Locate all lines in the data below that hold "angle" and show them.

== RECORDS SUPPLIED

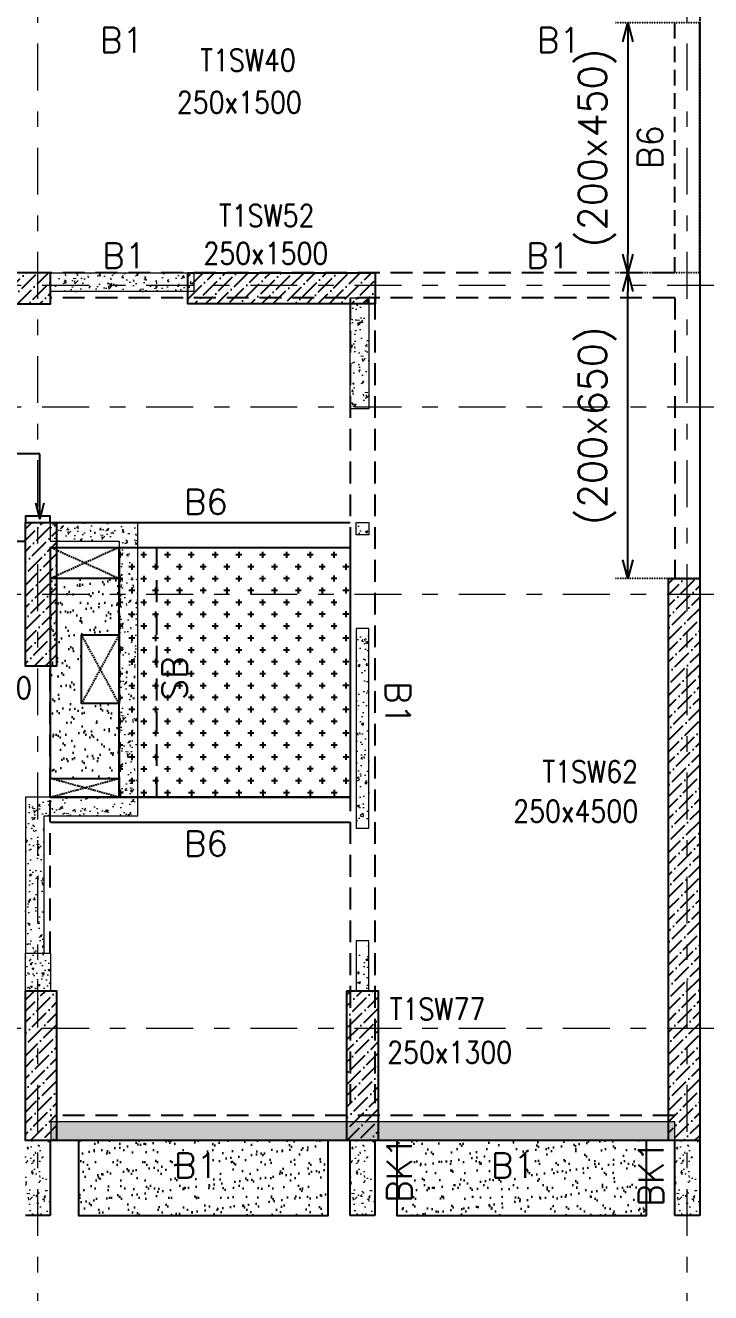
# Model space of a CAD drawing. Header units: millimetres. Extents: x 1078357 to 1340092, y -4684019 to -4550360.
# Drawn here: x 1152825 to 1158313, y -4590830 to -4580680 of the extents above; entities that cross this region are included whole.
import ezdxf

# ---------------------------------------------------------------- set-up
doc = ezdxf.new("R2010")
doc.units = ezdxf.units.MM
doc.header["$PDMODE"] = 35
for name, pattern in [('CONTINOUS', [0]), ('DGN STYLE 7', [8.34, 3.75, -1.67, 1.25, -1.67]), ('DOT', [0.25, 0, -0.25]), ('HIDDEN', [0.375, 0.25, -0.125]), ('New Retail block$0$CONTINOUS', [0])]:
    doc.linetypes.add(name, pattern=pattern)
doc.layers.get('0').update_dxf_attribs({"lineweight": 0})
doc.layers.get('Defpoints').update_dxf_attribs({"lineweight": 0})
for name, color, linetype in [('DROP SLAB', 8, 'Continuous'), ('EXPANSION JOINT', 10, 'HIDDEN'), ('S-BEAM', 3, 'Continuous'), ('S-BEAM-IDEN', 6, 'Continuous'), ('S-COL_STOP', 12, 'Continuous'), ('S-CUTOUT', 8, 'Continuous'), ('S-SLAB-PROJECTION', 2, 'New Retail block$0$CONTINOUS'), ('S-SLAB-STOP', 8, 'New Retail block$0$CONTINOUS')]:
    doc.layers.add(name, color=color, linetype=linetype)
for name, color, linetype, lineweight in [('GRID LINE', 8, 'Continuous', 0), ('HATCH', 8, 'Continuous', 30), ('S-COL-IDEN', 30, 'Continuous', 25), ('S-NON STR RCC WALL', 8, 'Continuous', 0)]:
    doc.layers.add(name, color=color, linetype=linetype, lineweight=lineweight)
doc.styles.add('Roman', font='romans')
doc.styles.add('ROMANS', font='romans.shx', dxfattribs={"width": 0.85})
doc.dimstyles.new('HARESH', dxfattribs={"dimtxt": 150, "dimasz": 75, "dimexe": 0, "dimexo": 0, "dimgap": 25, "dimtad": 1, "dimdec": 0, "dimdsep": 46, "dimtxsty": 'Roman', "dimblk": 'OBLIQUE', "dimcen": 225, "dimdle": 25, "dimclrd": 2, "dimclre": 2, "dimclrt": 7, "dimadec": 8, "dimazin": 1, "dimtfac": 1, "dimtdec": 0, "dimtmove": 0, "dimatfit": 0, "dimfxl": 1, "dimlwd": -1, "dimlwe": -1, "dimarcsym": 0})
pattern_1 = [(45, (2292446.56, -9444012.59), (33.67596045, 123.4785217), [158.75, -31.75, 0, -31.75])]
pattern_2 = [(45, (2236684.96, -9406181.02), (33.67596045, 123.4785217), [158.75, -31.75, 0, -31.75])]

# ---------------------------------------------------------------- blocks, each defined once
blk = doc.blocks.new('_Open30')
at = {"color": 0, "linetype": 'ByBlock', "lineweight": -2}
for p, q in [((-1, 0.268), (0, 0)), ((0, 0), (-1, -0.268)), ((0, 0), (-1, 0))]:
    blk.add_line(p, q, dxfattribs=at)
blk = doc.blocks.new('*D152')
at = {"layer": 'Defpoints', "color": 0, "linetype": 'CONTINOUS', "ltscale": 0.5, "transparency": 16777216}
for p in [(1157651, -4582662), (1158225, -4582662, 0), (1158225, -4585111, 0)]:
    blk.add_point(p, dxfattribs=at)
at = {"layer": 'S-BEAM-IDEN', "color": 2, "linetype": 'DOT', "ltscale": 0.5, "transparency": 16777216}
for p, q in [((1158225, -4582662), (1157551, -4582662)), ((1158225, -4585111), (1157551, -4585111))]:
    blk.add_line(p, q, dxfattribs=at)
at = {"layer": 'S-BEAM-IDEN', "color": 2, "linetype": 'CONTINOUS', "ltscale": 0.5, "transparency": 16777216}
blk.add_line((1157651, -4584961), (1157651, -4582812), dxfattribs=at)
at = {"layer": 'S-BEAM-IDEN', "color": 2, "linetype": 'CONTINOUS', "ltscale": 0.5, "transparency": 16777216, "xscale": 150, "yscale": 150, "zscale": 150}
for p, rotation in [((1157651, -4582662), 90), ((1157651, -4585111), 270)]:
    blk.add_blockref('_Open30', p, dxfattribs=dict(at, rotation=rotation))
at = {"layer": 'S-BEAM-IDEN', "linetype": 'CONTINOUS', "ltscale": 0.5, "transparency": 16777216, "insert": (1157405, -4583886), "char_height": 225, "attachment_point": 5, "rotation": 90, "style": 'Roman'}
blk.add_mtext('(200x650)', dxfattribs=at)
blk = doc.blocks.new('*D153')
at = {"layer": 'Defpoints', "color": 0, "linetype": 'CONTINOUS', "ltscale": 0.5, "transparency": 16777216}
for p in [(1158225, -4580661, 0), (1157651, -4582662), (1158225, -4582662, 0)]:
    blk.add_point(p, dxfattribs=at)
at = {"layer": 'S-BEAM-IDEN', "color": 2, "linetype": 'DOT', "ltscale": 0.5, "transparency": 16777216}
for p, q in [((1158225, -4580661), (1157551, -4580661)), ((1158225, -4582662), (1157551, -4582662))]:
    blk.add_line(p, q, dxfattribs=at)
at = {"layer": 'S-BEAM-IDEN', "color": 2, "linetype": 'CONTINOUS', "ltscale": 0.5, "transparency": 16777216}
blk.add_line((1157651, -4580811), (1157651, -4582512), dxfattribs=at)
at = {"layer": 'S-BEAM-IDEN', "color": 2, "linetype": 'CONTINOUS', "ltscale": 0.5, "transparency": 16777216, "xscale": 150, "yscale": 150, "zscale": 150}
for p, rotation in [((1157651, -4580661), 90), ((1157651, -4582662), 270)]:
    blk.add_blockref('_Open30', p, dxfattribs=dict(at, rotation=rotation))
at = {"layer": 'S-BEAM-IDEN', "linetype": 'CONTINOUS', "ltscale": 0.5, "transparency": 16777216, "insert": (1157405, -4581661), "char_height": 225, "attachment_point": 5, "rotation": 90, "style": 'Roman'}
blk.add_mtext('(200x450)', dxfattribs=at)
blk = doc.blocks.new('_Oblique')
at = {"color": 0, "linetype": 'ByBlock', "lineweight": -2}
blk.add_line((-0.5, -0.5), (0.5, 0.5), dxfattribs=at)

msp = doc.modelspace()

# ---------------------------------------------------------------- hatches: boundary and pattern name
at = {"layer": 'DROP SLAB'}
h = msp.add_hatch(dxfattribs=at)
h.set_pattern_fill('CROSS', color=8, scale=15, angle=0.03079)
h.set_pattern_definition([(180.03079016, (-7636864.87, 32884090.86), (-95.19879988, -95.30117261), [47.625, -142.875]), (270.03079016, (-7636888.7, 32884114.66), (95.30117261, -95.19879988), [47.625, -142.875])])
h.paths.add_polyline_path([(1153575.4, -4584861.6), (1155425.4, -4584861.6), (1155425.4, -4586861.4), (1153575.4, -4586861.4)])
at = {"layer": 'HATCH'}
h = msp.add_hatch(dxfattribs=at)
h.set_pattern_fill('AR-SAND', color=8, scale=3, angle=180.02985)
h.set_pattern_definition([(37.47015413, (-5055217.64, 23689863.97), (-4.72361136, 146.8264517), [0, -115.824, 0, -129.54, 0, -123.825]), (7.4701541, (-5055217.64, 23689863.97), (134.9689868, 214.9772528), [0, -62.484, 0, -104.394, 0, -40.005]), (327.47015413, (-5055311.37, 23689864.02), (237.29790347, 0.3075449), [0, -38.1, 0, -137.16, 0, -179.07]), (317.4701541, (-5055311.37, 23689864.02), (229.1017424, 66.759465), [0, -19.05, 0, -89.916, 0, -102.87])])
h.paths.add_polyline_path([(1153025.4, -4586711.5), (1153575.4, -4586711.5), (1153575.4, -4586111.4), (1153275.4, -4586111.4), (1153275.4, -4585561.5), (1153575.4, -4585561.5), (1153575.4, -4585111.5), (1153025.4, -4585111.5)])
h = msp.add_hatch(dxfattribs=at)
h.set_pattern_fill('AR-SAND', color=8, scale=3, angle=179.97015)
h.set_pattern_definition([(37.47015413, (-3940582.55, 18781897.14), (-4.72361136, 146.8264517), [0, -115.824, 0, -129.54, 0, -123.825]), (7.4701541, (-3940582.55, 18781897.14), (134.9689868, 214.9772528), [0, -62.484, 0, -104.394, 0, -40.005]), (327.4701541, (-3940676.28, 18781897.19), (237.2979035, 0.3075449), [0, -38.1, 0, -137.16, 0, -179.07]), (317.4701541, (-3940676.28, 18781897.19), (229.1017424, 66.759465), [0, -19.05, 0, -89.916, 0, -102.87])])
h.paths.add_polyline_path([(1155250.4, -4589611.5), (1153250.4, -4589611.5), (1153250.4, -4590211.5), (1155250.4, -4590211.5)])
h = msp.add_hatch(dxfattribs=at)
h.set_pattern_fill('AR-SAND', color=8, scale=3, angle=179.97015)
h.set_pattern_definition([(37.47015413, (-3943132.55, 18781897.14), (-4.72361136, 146.8264517), [0, -115.824, 0, -129.54, 0, -123.825]), (7.4701541, (-3943132.55, 18781897.14), (134.9689868, 214.9772528), [0, -62.484, 0, -104.394, 0, -40.005]), (327.4701541, (-3943226.28, 18781897.19), (237.2979035, 0.3075449), [0, -38.1, 0, -137.16, 0, -179.07]), (317.4701541, (-3943226.28, 18781897.19), (229.1017424, 66.759465), [0, -19.05, 0, -89.916, 0, -102.87])])
h.paths.add_polyline_path([(1157800.4, -4589611.5), (1155800.4, -4589611.5), (1155800.4, -4590211.5), (1157800.4, -4590211.5)])
at = {"layer": 'S-COL_STOP', "lineweight": 25}
h = msp.add_hatch(dxfattribs=at)
h.set_pattern_fill('ANSI36', color=8, scale=20)
h.set_pattern_definition(pattern_1)
h.paths.add_polyline_path([(1150175.6, -4582911.5), (1153025.6, -4582911.5), (1153025.6, -4582661.5), (1150175.6, -4582661.5)])
h = msp.add_hatch(dxfattribs=at)
h.set_pattern_fill('ANSI36', color=8, scale=20)
h.set_pattern_definition(pattern_2)
h.paths.add_polyline_path([(1154125.6, -4582661.5), (1155625.6, -4582661.5), (1155625.6, -4582911.5), (1154125.6, -4582911.5)])
h = msp.add_hatch(dxfattribs=at)
h.set_pattern_fill('ANSI36', color=8, scale=20)
h.set_pattern_definition(pattern_2)
h.paths.add_polyline_path([(1152825.6, -4584661.5), (1153075.6, -4584661.5), (1153075.6, -4585811.5), (1152825.6, -4585811.5)])
h = msp.add_hatch(dxfattribs=at)
h.set_pattern_fill('ANSI36', color=8, scale=20)
h.set_pattern_definition(pattern_1)
h.paths.add_polyline_path([(1157975.6, -4585111.5), (1158225.6, -4585111.5), (1158225.6, -4589611.5), (1157975.6, -4589611.5)])
h = msp.add_hatch(dxfattribs=at)
h.set_pattern_fill('ANSI36', color=8, scale=20)
h.set_pattern_definition(pattern_2)
h.paths.add_polyline_path([(1153075.6, -4588411.5), (1153075.6, -4589611.5), (1152825.6, -4589611.5), (1152825.6, -4588411.5)])
h = msp.add_hatch(dxfattribs=at)
h.set_pattern_fill('ANSI36', color=8, scale=20)
h.set_pattern_definition(pattern_1)
h.paths.add_polyline_path([(1155650.6, -4588411.5), (1155650.6, -4589611.3), (1155400.6, -4589611.3), (1155400.6, -4588411.5)])
at = {"layer": 'S-NON STR RCC WALL'}
h = msp.add_hatch(dxfattribs=at)
h.set_pattern_fill('AR-CONC', color=256)
h.set_pattern_definition([(50, (-6322944.62, 28297957.53), (182.184669, -15.93908554), [19.05, -209.55]), (355, (-6322944.62, 28297957.53), (-35.2434214, 191.0568452), [15.24, -167.6405842]), (100.4514447, (-6322929.44, 28297956.2), (146.9412471, 175.1177519), [16.1900088, -178.0902446]), (46.1842, (-6322944.62, 28298008.33), (271.0790409, -42.042328), [28.575, -314.325]), (96.6355576, (-6322922.03, 28298004.83), (237.404134, 247.4261246), [24.2850231, -267.1356082]), (351.1841512, (-6322944.62, 28298008.33), (237.404134, 247.4261246), [22.859967, -251.459732]), (21, (-6322919.22, 28297995.63), (151.6143913, -102.2651982), [19.05, -209.55]), (326, (-6322919.22, 28297995.63), (61.8020283, 184.1879661), [15.24, -167.64]), (71.451445, (-6322906.59, 28297987.11), (213.4164193, 81.9227689), [16.1900088, -178.0899376]), (37.5, (-6322944.623, 28297957.53), (3.08860325, 84.55503887), [0, -165.608, 0, -170.18, 0, -168.275]), (7.5, (-6322944.62, 28297957.53), (66.8196625, 100.18057482), [0, -97.028, 0, -161.798, 0, -64.135]), (327.5, (-6323001.265, 28297957.53), (135.59059517, -5.72874399), [0, -63.5, 0, -198.12, 0, -262.89]), (317.5, (-6323026.67, 28297957.53), (148.1291814, 25.42649103), [0, -82.55, 0, -131.572, 0, -186.69])])
h.paths.add_polyline_path([(1154175.4, -4582811.5), (1153025.4, -4582811.5), (1153025.4, -4582661.5), (1154175.4, -4582661.5)])
h = msp.add_hatch(dxfattribs=at)
h.set_pattern_fill('AR-CONC', color=256, angle=180)
h.set_pattern_definition([(50, (-6296109.37, 28294667.5), (182.184669, -15.93908554), [19.05, -209.55]), (355, (-6296109.37, 28294667.5), (-35.2434214, 191.0568452), [15.24, -167.6405842]), (100.4514447, (-6296094.19, 28294666.17), (146.9412471, 175.1177519), [16.1900088, -178.0902446]), (46.1842, (-6296109.37, 28294718.3), (271.0790409, -42.042328), [28.575, -314.325]), (96.6355576, (-6296086.78, 28294714.8), (237.404134, 247.4261246), [24.2850231, -267.1356082]), (351.1841512, (-6296109.37, 28294718.3), (237.404134, 247.4261246), [22.859967, -251.459732]), (21, (-6296083.97, 28294705.6), (151.6143913, -102.2651982), [19.05, -209.55]), (326, (-6296083.97, 28294705.6), (61.8020283, 184.1879661), [15.24, -167.64]), (71.451445, (-6296071.33, 28294697.08), (213.4164193, 81.9227689), [16.1900088, -178.0899376]), (37.5, (-6296109.37, 28294667.5), (3.08860325, 84.55503887), [0, -165.608, 0, -170.18, 0, -168.275]), (7.5, (-6296109.37, 28294667.5), (66.8196625, 100.18057482), [0, -97.028, 0, -161.798, 0, -64.135]), (327.5, (-6296166.01, 28294667.5), (135.59059517, -5.72874399), [0, -63.5, 0, -198.12, 0, -262.89]), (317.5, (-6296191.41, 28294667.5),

====

*RESPONSE*.
h.set_pattern_fill('CROSS', color=8, scale=15, angle=0.03079)
h.set_pattern_fill('AR-SAND', color=8, scale=3, angle=180.02985)
h.set_pattern_fill('AR-SAND', color=8, scale=3, angle=179.97015)
h.set_pattern_fill('AR-SAND', color=8, scale=3, angle=179.97015)
h.set_pattern_fill('AR-CONC', color=256, angle=180)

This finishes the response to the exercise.